My state has this. No fault for everything except alimony. The system in application is horrible.
_Posted via Mobile Device_


----------



## Mr Blunt (Jul 18, 2012)

> Traditional Wedding Vows 1
> I, (name), take you (name), to be my (wife/husband), to have and to hold from this day forward, for better or for worse, for richer, for poorer, in sickness and in health, to love and to cherish; from this day forward until death do us part.


Almost all wedding vows that I have heard of have a variation of the above but all include LOVE.

Love in a marriage absolutely includes loyalty, trust, and commitment. So if that love is shattered by infidelity why does the state NOT allow that brutal violation of love to be a factor in a divorce case?

The state under its current positions have no bearing on a love relationship so therefore the state should stay out of marriage relationships. Also, the state’s divorce laws are unjust because they omit any violations of love to be a factor in the distribution of assets and custody. Because love is the main factor in keeping a relationship together, a serious violation of that love should be taken into consideration in assets and custody.

If you are unmarried and later get married with a state marriage license, then your spouse violates the main factor of love in a relationship (Infidelity) and harms the whole family, and is without true remorse, do not come crying because you got screwed in your asset and custody decree by the state laws.* If you are unmarried you have a chance to get a much better set up in case of divorce than depending on the state’s divorce laws.*


----------



## Dogbert (Jan 10, 2015)

If there is no political pressure nor will to change marriage by having the State bow out of it, then men and women will simply shun marriage altogether. In fact that is already the case with the lower middle and poor classes which has been financially stung badly by divorce. The high risk simply does not make it an attractive option.

Only when it becomes a crisis, you'll see lawmakers scrambling like chickens with their heads cut off, to resolve the issue.


----------



## sidney2718 (Nov 2, 2013)

Dogbert said:


> Still I wonder how effective these were during the days of fault divorce.


Terrible. So bad that the rush to change to no-fault was like a crowd of mad bulls charging. Divorces took forever, the courts were clogged and lies were common.
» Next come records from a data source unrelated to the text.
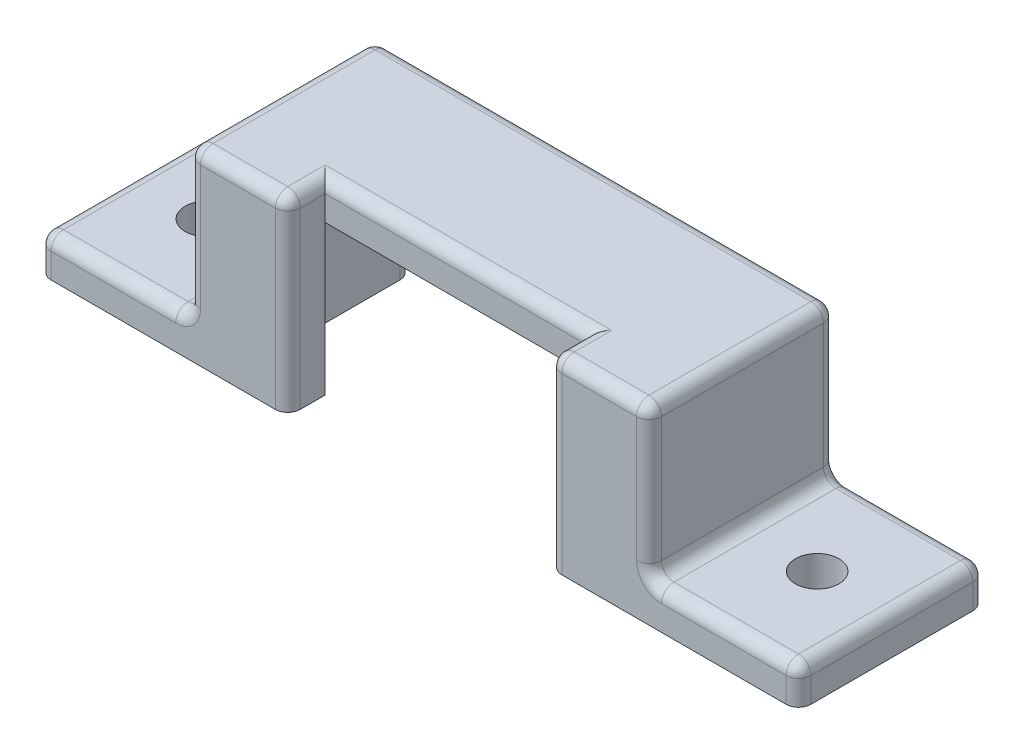
from build123d import *

# Parameters (mm, degrees)
BOSS_EXTRUDE1_DEPTH = 12
BOSS_EXTRUDE2_DEPTH = 3
FILLET1_R           = 1
SKETCH3_R           = 1.75
CUT_EXTRUDE2_DEPTH  = 3


with BuildPart() as part:
    # Sketch1 → Boss-Extrude1 (new body)
    with BuildSketch(Plane.XY):
        Polygon((-30.5, 3), (-18.5, 3), (-18.5, 15), (18.5, 15), (18.5, 3), (30.5, 3), (30.5, 0), (15.5, 0), (15.5, 12), (-15.5, 12), (-15.5, 0), (-30.5, 0), align=None)
    extrude(amount=-BOSS_EXTRUDE1_DEPTH)

    # Sketch2 → Boss-Extrude2 (add)
    with BuildSketch(Plane.XY):
        Polygon((-18.5, 15), (-10.5, 15), (-10.5, 0), (-30.5, 0), (-30.5, 3), (-18.5, 3), align=None)
        Polygon((30.5, 0), (10.5, 0), (10.5, 15), (18.5, 15), (18.5, 3), (30.5, 3), align=None)
    extrude(amount=BOSS_EXTRUDE2_DEPTH)

    # Fillet1
    fillet1_edges = [part.edges().sort_by_distance(p)[0] for p in [
        (-15.5, 6, -12),
        (-30.5, 3, -4.5),
        (-18.5, 3, -4.5),
        (-18.5, 15, -4.5),
        (15.5, 6, -12),
        (18.5, 15, -4.5),
        (18.5, 3, -4.5),
        (30.5, 3, -4.5),
        (30.5, 1.5, -12),
        (24.5, 3, -12),
        (18.5, 9, -12),
        (-10.5, 15, 1.5),
        (-18.5, 9, 3),
        (-24.5, 3, 3),
        (-30.5, 1.5, 3),
        (-10.5, 7.5, 3),
        (-14.5, 15, 3),
        (0, 15, -12),
        (-18.5, 9, -12),
        (-24.5, 3, -12),
        (-30.5, 1.5, -12),
        (0, 15, 0),
        (10.5, 15, 1.5),
        (30.5, 1.5, 3),
        (24.5, 3, 3),
        (18.5, 9, 3),
        (14.5, 15, 3),
        (10.5, 7.5, 3),
    ]]
    fillet(fillet1_edges, radius=FILLET1_R)

    # Sketch3 → Cut-Extrude2 (cut)
    with BuildSketch(Plane(origin=(0, 3, 0), x_dir=(1, 0, 0), z_dir=(0, 1, 0))):
        with Locations((-24.5, 4.5)):
            Circle(SKETCH3_R)
        with Locations((24.5, 4.5)):
            Circle(SKETCH3_R)
    extrude(amount=-CUT_EXTRUDE2_DEPTH, mode=Mode.SUBTRACT)


solid = part.part

An instance from my parent's life: Friends, for reasons not important here, needed to get divorced. This was in New York State. So they enlisted their friends to lie. My parents were among them. They claimed to have walked in on the wife cheating with another man. Other friends testified to the same sort of thing. Everyone was lying. The judge knew it, the lawyers knew it, and the witnesses knew it.

But it was the only way to get out of a marriage.

The basic problem was that to get a divorce one spouse had to be dragged through the mud in public. This was NOT a good thing.

The main result was that many folks just walked away from the marriage and pretended that they weren't married. And they started new families. This worked well too, except that they left themselves open to blackmail since adultery was a crime.

For all of its problems, today's divorces are much less costly and painful. There are always exceptions though.


----------



## sidney2718 (Nov 2, 2013)

honcho said:


> What vow did anybody take to get a marriage license really? Other than showing I'm not marrying a family member the ability to get one doesn't require anything other than paying a fee.
> _Posted via Mobile Device_


The license did not make you married. All it is is permission from the state to get married. To do that you needed a civil ceremony presided over by a licensed person.

For most of us that civil marriage was wrapped up in a religious marriage, but it does not have to be.


----------



## 2ntnuf (Jul 14, 2012)

In my opinion, emotions should not be a part of a binding agreement as serious as marriage. Love is an emotion. It is expected that it will be expressed as an action. How can an opinion which is not defined within a binding contract, be upheld in a court of law? Not trying to be a jerk here, but we all have our own personal definitions of what it means to be loved, honored and cherished. They may overlap, but our deal-breakers are different. Maybe a list of deal-breakers on a contract which both sign, would be a better way? I don't know. 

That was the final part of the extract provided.